There's nothing wrong with a cherry-pick, just make sure you rebase on pull instead of merge. This is configurable per branch and you can setup git to automatically enable this setting when branching (see autosetuprebase).

In memcached, our master is *only* updated via cherry-pick now as it takes two people to make a change: one to make the change, and another to commit it. You see the committer and author in the changelog.

nothingmuch said...

I stand corrected: http://gist.github.com/112559 (didn't really believe that'd work ;-)

But this is still problematic because git newbies often don't know they should use pull --rebase or make that the default. I'd like to think I know git quite well, but I wasn't aware that rebase would do the right thing there.

This is the result I tend to see in the wild unfortunately: http://gist.github.com/112560

Thanks for the tip!

nothingmuch said...

Woot, this also works if you reorder commits.
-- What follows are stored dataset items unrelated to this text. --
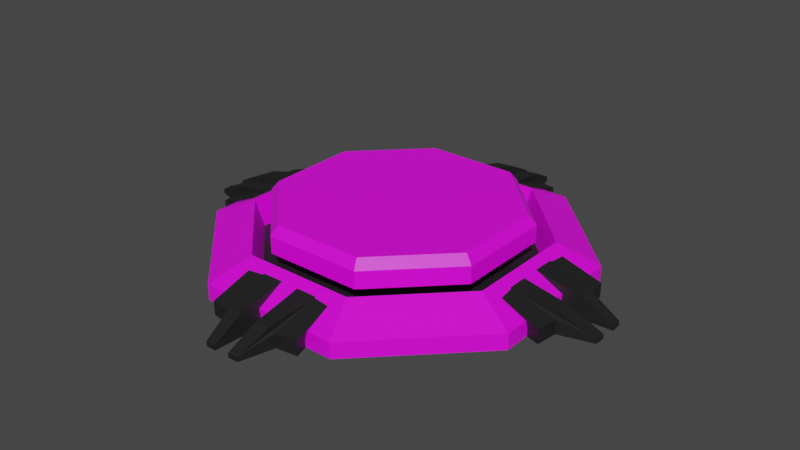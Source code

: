 # Source: button.blend  (saved by Blender 2.93.20; exported with 4.5.12 LTS)
import bpy
from mathutils import Matrix  # noqa: F401  (used for matrix-valued properties, if any)

bpy.ops.wm.read_factory_settings(use_empty=True)
scene = bpy.context.scene
scene.name = 'Scene'

# ---- collections
col_collection = bpy.data.collections.new('Collection'); scene.collection.children.link(col_collection)

# ---- images (referenced by path relative to the original .blend; pixels are not part of the script)
import os
ASSET_DIR = os.environ.get("B2B_ASSET_DIR", "")  # directory of the original .blend (textures are referenced by path, not embedded)
HERE = os.path.dirname(os.path.abspath(__file__))  # packed textures are extracted next to this script under _unpacked/

def load_image(name, relpath, width, height, colorspace="sRGB"):
    """Load a texture the original file referenced (path relative to the .blend, or extracted next to this script)."""
    p = next((c for c in (os.path.join(HERE, relpath), os.path.join(ASSET_DIR, relpath)) if relpath and os.path.exists(c)), "")
    if p:
        img = bpy.data.images.load(p, check_existing=True)
        img.name = name
    else:  # same state as the original file: an image datablock whose file is absent (Cycles renders it pink)
        img = bpy.data.images.new(name, width, height)
        img.source = "FILE"
        img.filepath = "//" + (relpath or name)
    img.colorspace_settings.name = colorspace
    return img
img_button_base_png = load_image('button_base.png', 'button_base.png', 1024, 1024, 'sRGB')
img_button_png = load_image('button.png', 'button.png', 1024, 1024, 'sRGB')

# ---- materials (node trees are filled in below, after node groups)
mat_button_base = bpy.data.materials.new('button_base')
mat_button_base.use_transparent_shadow = False
mat_button_base_black = bpy.data.materials.new('button_base_black')
mat_button_base_black.use_transparent_shadow = False
mat_button_top = bpy.data.materials.new('button_top')
mat_button_top.use_transparent_shadow = False

# ---- material node trees
mat_button_base.use_nodes = True; mat_button_base.node_tree.nodes.clear()
_N = mat_button_base.node_tree.nodes; _L = mat_button_base.node_tree.links
n0 = _N.new('ShaderNodeBsdfPrincipled'); n0.name = 'Principled BSDF'; n0.location = (10, 300)
n0.distribution = 'GGX'
n0.subsurface_method = 'BURLEY'
n0.inputs[3].default_value = 1.45
n0.inputs[27].default_value = (0.0, 0.0, 0.0, 1.0)
n0.inputs[28].default_value = 1.0
n1 = _N.new('ShaderNodeOutputMaterial'); n1.name = 'Material Output'; n1.location = (300, 300)
n2 = _N.new('ShaderNodeTexImage'); n2.name = 'Image Texture'; n2.location = (-280, 280)
n2.image = img_button_base_png
n2.extension = 'EXTEND'
_L.new(n0.outputs[0], n1.inputs[0])
_L.new(n2.outputs[0], n0.inputs[0])
n1.is_active_output = True
mat_button_base_black.use_nodes = True; mat_button_base_black.node_tree.nodes.clear()
_N = mat_button_base_black.node_tree.nodes; _L = mat_button_base_black.node_tree.links
n0 = _N.new('ShaderNodeBsdfPrincipled'); n0.name = 'Principled BSDF'; n0.location = (10, 300)
n0.distribution = 'GGX'
n0.subsurface_method = 'BURLEY'
n0.inputs[0].default_value = (0.01341, 0.01341, 0.01341, 1.0)
n0.inputs[3].default_value = 1.45
n0.inputs[27].default_value = (0.0, 0.0, 0.0, 1.0)
n0.inputs[28].default_value = 1.0
n1 = _N.new('ShaderNodeOutputMaterial'); n1.name = 'Material Output'; n1.location = (300, 300)
_L.new(n0.outputs[0], n1.inputs[0])
n1.is_active_output = True
mat_button_top.use_nodes = True; mat_button_top.node_tree.nodes.clear()
_N = mat_button_top.node_tree.nodes; _L = mat_button_top.node_tree.links
n0 = _N.new('ShaderNodeBsdfPrincipled'); n0.name = 'Principled BSDF'; n0.location = (10, 300)
n0.distribution = 'GGX'
n0.subsurface_method = 'BURLEY'
n0.inputs[3].default_value = 1.45
n0.inputs[27].default_value = (0.0, 0.0, 0.0, 1.0)
n0.inputs[28].default_value = 1.0
n1 = _N.new('ShaderNodeOutputMaterial'); n1.name = 'Material Output'; n1.location = (300, 300)
n2 = _N.new('ShaderNodeTexImage'); n2.name = 'Image Texture'; n2.location = (-280, 280)
n2.image = img_button_png
n2.extension = 'EXTEND'
_L.new(n0.outputs[0], n1.inputs[0])
_L.new(n2.outputs[0], n0.inputs[0])
n1.is_active_output = True

# ---- world
world_world = bpy.data.worlds.new('World'); scene.world = world_world
world_world.use_nodes = True; world_world.node_tree.nodes.clear()
_N = world_world.node_tree.nodes; _L = world_world.node_tree.links
n0 = _N.new('ShaderNodeOutputWorld'); n0.name = 'World Output'; n0.location = (300, 300)
n1 = _N.new('ShaderNodeBackground'); n1.name = 'Background'; n1.location = (10, 300)
n1.inputs[0].default_value = (0.05088, 0.05088, 0.05088, 1.0)
_L.new(n1.outputs[0], n0.inputs[0])
n0.is_active_output = True
world_world.color = (0.05088, 0.05088, 0.05088)
world_world.use_sun_shadow = False
world_world.sun_shadow_jitter_overblur = 0.0

# ---- meshes
me_button = bpy.data.meshes.new('button')
me_button.from_pydata([(0.7048, 0.292, 0.0), (0.7048, 0.292, 0.06447), (0.5489, 0.2274, 0.1375), (0.5163, 0.2138, 0.02857), (0.5857, 0.03681, 0.1194), (0.5828, 0.1889, 0.1194), (0.585, 0.1252, 0.1194), (0.7819, 0.03681, 0.08038), (0.7797, 0.09578, 0.08038), (0.9107, 0.03233, 0.01907), (0.9085, 0.07439, 0.01907), (0.7609, 0.1996, 0.05762), (0.7717, 0.1117, 0.05762), (0.6481, 0.01962, 0.0), (0.9107, 0.03233, 0.0), (0.9085, 0.07439, 0.0), (0.6452, 0.1632, 0.0), (0.7609, 0.1996, 0.0), (0.7717, 0.1117, 0.0), (0.292, 0.7048, 0.0), (0.292, 0.7048, 0.06447), (0.2274, 0.5489, 0.1375), (0.2138, 0.5163, 0.02857), (0.03681, 0.5857, 0.1194), (0.1889, 0.5828, 0.1194), (0.1252, 0.585, 0.1194), (0.03681, 0.7819, 0.08038), (0.09578, 0.7797, 0.08038), (0.03233, 0.9107, 0.01907), (0.07439, 0.9085, 0.01907), (0.1996, 0.7609, 0.05762), (0.1117, 0.7717, 0.05762), (0.01962, 0.6481, 0.0), (0.03233, 0.9107, 0.0), (0.07439, 0.9085, 0.0), (0.1632, 0.6452, 0.0), (0.1996, 0.7609, 0.0), (0.1117, 0.7717, 0.0), (-0.7048, 0.292, 0.0), (-0.7048, 0.292, 0.06447), (-0.5489, 0.2274, 0.1375), (-0.5163, 0.2138, 0.02857), (-0.5857, 0.03681, 0.1194), (-0.5828, 0.1889, 0.1194), (-0.585, 0.1252, 0.1194), (-0.7819, 0.03681, 0.08038), (-0.7797, 0.09578, 0.08038), (-0.9107, 0.03233, 0.01907), (-0.9085, 0.07439, 0.01907), (-0.7609, 0.1996, 0.05762), (-0.7717, 0.1117, 0.05762), (-0.6481, 0.01962, 0.0), (-0.9107, 0.03233, 0.0), (-0.9085, 0.07439, 0.0), (-0.6452, 0.1632, 0.0), (-0.7609, 0.1996, 0.0), (-0.7717, 0.1117, 0.0), (-0.292, 0.7048, 0.0), (-0.292, 0.7048, 0.06447), (-0.2274, 0.5489, 0.1375), (-0.2138, 0.5163, 0.02857), (-0.03681, 0.5857, 0.1194), (-0.1889, 0.5828, 0.1194), (-0.1252, 0.585, 0.1194), (-0.03681, 0.7819, 0.08038), (-0.09578, 0.7797, 0.08038), (-0.03233, 0.9107, 0.01907), (-0.07439, 0.9085, 0.01907), (-0.1996, 0.7609, 0.05762), (-0.1117, 0.7717, 0.05762), (-0.01962, 0.6481, 0.0), (-0.03233, 0.9107, 0.0), (-0.07439, 0.9085, 0.0), (-0.1632, 0.6452, 0.0), (-0.1996, 0.7609, 0.0), (-0.1117, 0.7717, 0.0), (0.7048, -0.292, 0.0), (0.7048, -0.292, 0.06447), (0.5489, -0.2274, 0.1375), (0.5163, -0.2138, 0.02857), (0.5857, -0.03681, 0.1194), (0.5828, -0.1889, 0.1194), (0.585, -0.1252, 0.1194), (0.7819, -0.03681, 0.08038), (0.7797, -0.09578, 0.08038), (0.9107, -0.03233, 0.01907), (0.9085, -0.07439, 0.01907), (0.7609, -0.1996, 0.05762), (0.7717, -0.1117, 0.05762), (0.6481, -0.01962, 0.0), (0.9107, -0.03233, 0.0), (0.9085, -0.07439, 0.0), (0.6452, -0.1632, 0.0), (0.7609, -0.1996, 0.0), (0.7717, -0.1117, 0.0), (0.292, -0.7048, 0.0), (0.292, -0.7048, 0.06447), (0.2274, -0.5489, 0.1375), (0.2138, -0.5163, 0.02857), (0.03681, -0.5857, 0.1194), (0.1889, -0.5828, 0.1194), (0.1252, -0.585, 0.1194), (0.03681, -0.7819, 0.08038), (0.09578, -0.7797, 0.08038), (0.03233, -0.9107, 0.01907), (0.07439, -0.9085, 0.01907), (0.1996, -0.7609, 0.05762), (0.1117, -0.7717, 0.05762), (0.01962, -0.6481, 0.0), (0.03233, -0.9107, 0.0), (0.07439, -0.9085, 0.0), (0.1632, -0.6452, 0.0), (0.1996, -0.7609, 0.0), (0.1117, -0.7717, 0.0), (-0.7048, -0.292, 0.0), (-0.7048, -0.292, 0.06447), (-0.5489, -0.2274, 0.1375), (-0.5163, -0.2138, 0.02857), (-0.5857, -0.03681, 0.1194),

It's like darcs all over again =)

nothingmuch said...

Ooh it gets better, rebase mops up after an accidental merge: http://gist.github.com/112566

I love git rebase long time

melo said...

This works because git tracks content, not changes. When you cherry pick, the final content is the same, no matter what path took you there.

But I think the part that is wrong in all of your article is right there at the beginning. The contributor should not use his master branch to code. The first thing he should do is to create a topic branch and work on that.

When he is ready to show his code, he might want to rebase it against the latest master, just to make sure its still compatible with the latest version of the upstream code.

If his topic branch is accepted, it will show up on his master branch, naturally, and then he can just kill off his topic branch.

nothingmuch said...

Actually in this case I think it's the inverse, and that's why I was so surprised. The rebase is also comparing the deltas of the commits (which is why reordering works), not just the resulting commit sha1s or tree sha1s, in order to deduce which commits in the log are in fact meaningless duplicates, allowing out of order cherry-picking work too. If it only compared commit and tree sha1s then it wouldn't be so awesome.

Secondly, I'd like to stress that the problem is not with the software, it's with the people who don't know how to work "correctly" with git. Most of the patches I receive have been done on master, and if I were to cherry pick them the contributer would probably not know to use pull --rebase or to set autosetuprebase in their configuration unless I told them to.

I agree, topic branches are the way to go, but you're preaching to the choir. Github's fork queue is appealing to people who are not comfortable using git on the command line. Unfortunately the defaults it uses are harmful to exactly that demographic. These people don't understand topic branches or git's inherent immutability in the model or that history can be nonlinear, so expecting them to understand the implications of cherry picking and rebasing is a little naive.

melo said...

I don't think that git looks that much attention to the sequence of commits. The only check for sha1's that he does (AFAIK) is to determine if he can fast-forward or not. If not, then he just uses a straight three-way merge between the two trees.

As long as commits A->B->C result in the same tree as C->A->B (or even C+B->A, git doesn't care about the sequence. it merges the content, not the commit sequence.

Thats why its called a content tracker. He worries about end results, not how you got there.

And yes, I understood that this is about best practices and workflow, not about git limitations.

And yes, I can see now that the current fork-queue is not that good for non-power users. I think they need a rebase my master button :).

Jason said...

> And yes, I can see now that the current fork-queue is not that good for non-power users. I think they need a rebase my master button :).

Yeah, a rebase my master button would indeed be awesome.